Such a simple idea, not tried them but bet they taste damn good with a nicely flavoured whey... top share Tony. :thumbup1:


----------



## NovemberDelta

I am about to make right mow, i'll be back in 15 to say how they are.


----------



## NovemberDelta

I've actually just made these and am eating them now. Took less than 5 mins so easy. Really delicious. cheers.


----------



## Raeno

Ive revised the recipe a little now & taken the whey out! So I use 400ml of egg whites (been using pasturised liquid whites but I dont see why normal whites wouldnt work just as well) with a big dash of cinnamon. Mix the lot up, spray up a frying pan with some form of non stick fat & pour in a enough to fill the pan, without making it thick.

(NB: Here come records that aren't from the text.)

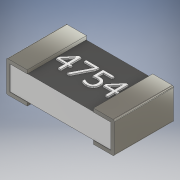
# Autodesk Inventor part: 21-1001
Saved by Autodesk Inventor 2018 (Build 220112000, 112)
## iProperties
Created: 2019-09-21
Part Number: 21-1001
Material: Copper
Document SubType Name: Modeling
Designer: Bradley
Density: 8.94 g/cm^3
Appearance: Smooth - White
Author: Bradley
Autodesk Inventor part; units mm, degrees
ref_plane "YZ Plane" through (0, 0, 0) normal (1, 0, 0) x (0, 1, 0)
ref_plane "XZ Plane" through (0, 0, 0) normal (0, 1, 0) x (-1, 0, 0)
ref_plane "XY Plane" through (0, 0, 0) normal (0, 0, 1) x (1, 0, 0)
sketch "Sketch1" plane through (0, 0, 0) normal (0, 1, 0) x (-1, 0, 0)
  line L0 (0.725, 0.175) -> (-0.725, 0.175)
  line L1 (-0.725, 0.175) -> (-0.725, -0.175)
  line L2 (-0.725, -0.175) -> (0.725, -0.175)
  line L3 (0.725, -0.175) -> (0.725, 0.175)
  line L4 (0.475, 0.175) -> (0.475, 0.225)
  line L5 (0.475, 0.225) -> (0.775, 0.225)
  line L6 (0.775, 0.225) -> (0.775, -0.225)
  line L7 (0.775, -0.225) -> (0.475, -0.225)
  line L8 (0.475, -0.225) -> (0.475, -0.175)
  line L9 (-0.475, 0.175) -> (-0.475, 0.225)
  line L10 (-0.475, 0.225) -> (-0.775, 0.225)
  line L11 (-0.775, 0.225) -> (-0.775, -0.225)
  line L12 (-0.775, -0.225) -> (-0.475, -0.225)
  line L13 (-0.475, -0.175) -> (-0.475, -0.225)
  line L14 (0.475, 0.175) -> (-0.475, 0.175)
  point P0 (0, 0)
  point P1 (0, 0.175)
  point P2 (0.725, 0)
  dimension "d0" = 1.55
  dimension "d1" = 0.05
  dimension "d2" = 0.05
  dimension "d3" = 0.45
  dimension "d4" = 0.3
  constraints: 30 end point, 12 point on line, 7 perpendicular, 3 collinear, 3 midpoint, 2 parallel, 1 horizontal, 1 horizontal alignment, 1 vertical, 1 vertical alignment
  measures "d0" distance between parallel lines of L11 L6
  measures "d1" distance of L7.end L8.end
  measures "d2" distance between parallel lines of L6 L3
  measures "d3" distance of L5.end L6.end
  measures "d4" distance of L6.end L7.end
extrude "Extrusion1" add sketch "Sketch1" along normal mid plane 0.85 contours L0 L4 L5 L6 L7 L8 L2 L3 | L0 L1 L2 L13 L12 L11 L10 L9
extrude "Extrusion2" add sketch "Sketch1" along normal mid plane 0.84 contours L3 L2 L1 L0
sketch "Sketch2" plane through (-0.475, -0.42, 0.175) normal (0, 0, 1) x (1, 0, 0)
  line L0 (0, 0) -> (0, 0.84) projected
  line L1 (0.95, 0) -> (0, 0) projected
  line L2 (0.95, 0) -> (0.95, 0.84) projected
  line L3 (0, 0.84) -> (0.95, 0.84) projected
  line L4 (0, 0.42) -> (0.95, 0.42) construction
  line L5 (0.2397, 0.3731) -> (0.2039, 0.3731)
  line L6 (0.2039, 0.3731) -> (0.2039, 0.27)
  line L7 (0.2039, 0.27) -> (0.1653, 0.27)
  line L8 (0.1653, 0.27) -> (0.1653, 0.3731)
  line L9 (0.1653, 0.3731) -> (0.0328, 0.3731)
  line L10 (0.0328, 0.3731) -> (0.0328, 0.4154)
  line L11 (0.0328, 0.4154) -> (0.167, 0.57)
  line L12 (0.167, 0.57) -> (0.2039, 0.57)
  line L13 (0.2039, 0.57) -> (0.2039, 0.4054)
  line L14 (0.2039, 0.4054) -> (0.2397, 0.4054)
  line L15 (0.2397, 0.4054) -> (0.2397, 0.3731)
  line L16 (0.1653, 0.4054) -> (0.1653, 0.5226)
  line L17 (0.1653, 0.5226) -> (0.0644, 0.4054)
  line L18 (0.0644, 0.4054) -> (0.1653, 0.4054)
  line L19 (0.4602, 0.525) -> (0.3303, 0.27)
  line L20 (0.3303, 0.27) -> (0.2876, 0.27)
  line L21 (0.2876, 0.27) -> (0.4247, 0.5347)
  line L22 (0.4247, 0.5347) -> (0.2698, 0.5347)
  line L23 (0.2698, 0.5347) -> (0.2698, 0.57)
  line L24 (0.2698, 0.57) -> (0.4602, 0.57)
  line L25 (0.4602, 0.57) -> (0.4602, 0.525)
  spline S0 degree 2 poles (0.6787, 0.3653) (0.6787, 0.3437) (0.6649, 0.3067) (0.6522, 0.2931) knots 0 0 0 1 2 2 2
  spline S1 degree 2 poles (0.6522, 0.2931) (0.6396, 0.2795) (0.6019, 0.2637) (0.5786, 0.2637) knots 0 0 0 1 2 2 2
  spline S2 degree 2 poles (0.5786, 0.2637) (0.5572, 0.2637) (0.5154, 0.2732) (0.5, 0.2807) knots 0 0 0 1 2 2 2
  line L26 (0.5, 0.2807) -> (0.5, 0.3232)
  line L27 (0.5, 0.3232) -> (0.503, 0.3232)
  spline S3 degree 2 poles (0.503, 0.3232) (0.5076, 0.3198) (0.5248, 0.3111) (0.5353, 0.3072) knots 0 0 0 1 2 2 2
  spline S4 degree 2 poles (0.5353, 0.3072) (0.5472, 0.3031) (0.5669, 0.2984) (0.5793, 0.2984) knots 0 0 0 1 2 2 2
  spline S5 degree 2 poles (0.5793, 0.2984) (0.5915, 0.2984) (0.6143, 0.3072) (0.6226, 0.3167) knots 0 0 0 1 2 2 2
  spline S6 degree 2 poles (0.6226, 0.3167) (0.6301, 0.3257) (0.6379, 0.3495) (0.6379, 0.3655) knots 0 0 0 1 2 2 2
  spline S7 degree 2 poles (0.6379, 0.3655) (0.6379, 0.3816) (0.6291, 0.402) (0.6209, 0.4088) knots 0 0 0 1 2 2 2
  spline S8 degree 2 poles (0.6209, 0.4088) (0.6124, 0.4164) (0.5871, 0.4227) (0.5718, 0.4227) knots 0 0 0 1 2 2 2
  spline S9 degree 2 poles (0.5718, 0.4227) (0.5552, 0.4227) (0.5224, 0.4176) (0.5124, 0.4154) knots 0 0 0 1 2 2 2
  line L28 (0.5124, 0.4154) -> (0.5124, 0.57)
  line L29 (0.5124, 0.57) -> (0.677, 0.57)
  line L30 (0.677, 0.57) -> (0.677, 0.5347)
  line L31 (0.677, 0.5347) -> (0.5511, 0.5347)
  line L32 (0.5511, 0.5347) -> (0.5511, 0.4548)
  spline S10 degree 2 poles (0.5511, 0.4548) (0.5584, 0.4557) (0.5725, 0.4565) (0.5783, 0.4565) knots 0 0 0 1 2 2 2
  spline S11 degree 2 poles (0.5783, 0.4565) (0.6014, 0.4565) (0.6333, 0.4489) (0.6479, 0.4377) knots 0 0 0 1 2 2 2
  spline S12 degree 2 poles (0.6479, 0.4377) (0.6627, 0.4266) (0.6787, 0.3925) (0.6787, 0.3653) knots 0 0 0 1 2 2 2
  line L33 (0.915, 0.3731) -> (0.8793, 0.3731)
  line L34 (0.8793, 0.3731) -> (0.8793, 0.27)
  line L35 (0.8793, 0.27) -> (0.8406, 0.27)
  line L36 (0.8406, 0.27) -> (0.8406, 0.3731)
  line L37 (0.8406, 0.3731) -> (0.7081, 0.3731)
  line L38 (0.7081, 0.3731) -> (0.7081, 0.4154)
  line L39 (0.7081, 0.4154) -> (0.8423, 0.57)
  line L40 (0.8423, 0.57) -> (0.8793, 0.57)
  line L41 (0.8793, 0.57) -> (0.8793, 0.4054)
  line L42 (0.8793, 0.4054) -> (0.915, 0.4054)
  line L43 (0.915, 0.4054) -> (0.915, 0.3731)
  line L44 (0.8406, 0.4054) -> (0.8406, 0.5226)
  line L45 (0.8406, 0.5226) -> (0.7397, 0.4054)
  line L46 (0.7397, 0.4054) -> (0.8406, 0.4054)
  point P0 (0.475, 0.42)
  constraints: 2 end point, 2 midpoint, 1 horizontal
extrude "Extrusion3" add sketch "Sketch2" along normal blind 0.02 contours L5 L6 L7 L8 L9 L10 L11 L12 L13 L14 L15 | L19 L20 L21 L22 L23 L24 L25 | S0 S1 S2 L26 L27 S3 S4 S5 S6 S7 S8 S9 L28 L29 L30 L31 L32 S10 S11 S12 | L33 L34 L35 L36 L37 L38 L39 L40 L41 L42 L43
fillet "Fillet1" radius 0.02 4 edges at (-0.775, 0, 0.225) (-0.775, 0, -0.225) (0.775, 0, 0.225) (0.775, 0, -0.225)
equation "\"d2\" = d1"
body "Solid1"

They only take about 60 seconds on the 1st side to get some colour, then flip & about 30seconds on the other side. Stack em up, add almond butter to the top one, along with sugar free maple syrup & its money


----------



## murphy2010

Made these muffins a few times, actually really nice


----------



## tonyc74

Raeno said:


> Ive revised the recipe a little now & taken the whey out! So I use 400ml of egg whites (been using pasturised liquid whites but I dont see why normal whites wouldnt work just as well) with a big dash of cinnamon. Mix the lot up, spray up a frying pan with some form of non stick fat & pour in a enough to fill the pan, without making it thick. They only take about 60 seconds on the 1st side to get some colour, then flip & about 30seconds on the other side. Stack em up, add almond butter to the top one, along with sugar free maple syrup & its money
> 
> View attachment 93449


cool!

i think it depends on the whey sometime some whey can leave a manky after taste especially when its baked!

if i do use whey i just stick to one scoop now


----------



## methos

Going to give that a try now. Great recipe but quite possibly the worst camera work ever lol!


----------



## tonyc74

methos said:


> Going to give that a try now. Great recipe but quite possibly the worst camera work ever lol!


i dont have a camera crew mate just me and the iphone and the kitchen lol !


----------



## reza85

:rockon:NICE


----------



## methos

tonyc74 said:


> i dont have a camera crew mate just me and the iphone and the kitchen lol !


That was done on an iPhone??? Fair play then mate!


----------



## Kane T

Wish I knew about these when I was on my cut.

Can you do the same but with full egg?


----------



## tonyc74

Kane T said:


> Wish I knew about these when I was on my cut.
> 
> Can you do the same but with full egg?


yeah would be fine to use whole egg


----------



## pickle21

I just tried the pancake recipe. 1 whisked egg white, 1/2 scoop of strawberry whey & 1/2 tsp of cocoa powder.

It was too bad at all !


----------



## Ben89

This looks awesome. Definitely trying these recipes soon, I'm on a extremely low carb diet and to say I'm craving something sweet would be an understatement!


----------



## Wardy33

Yum


----------



## TypeR

Just made these with the pancake I used bsn banana come out really nice and for the sauce I used starwberry whey with a bit of sweetner. Really nice just what I needed


----------



## Dan 45

Any chance someone could write up the recipe for those of us that can't view youtube at work?


----------



## Wardy33

Defo gna try this tonight x


----------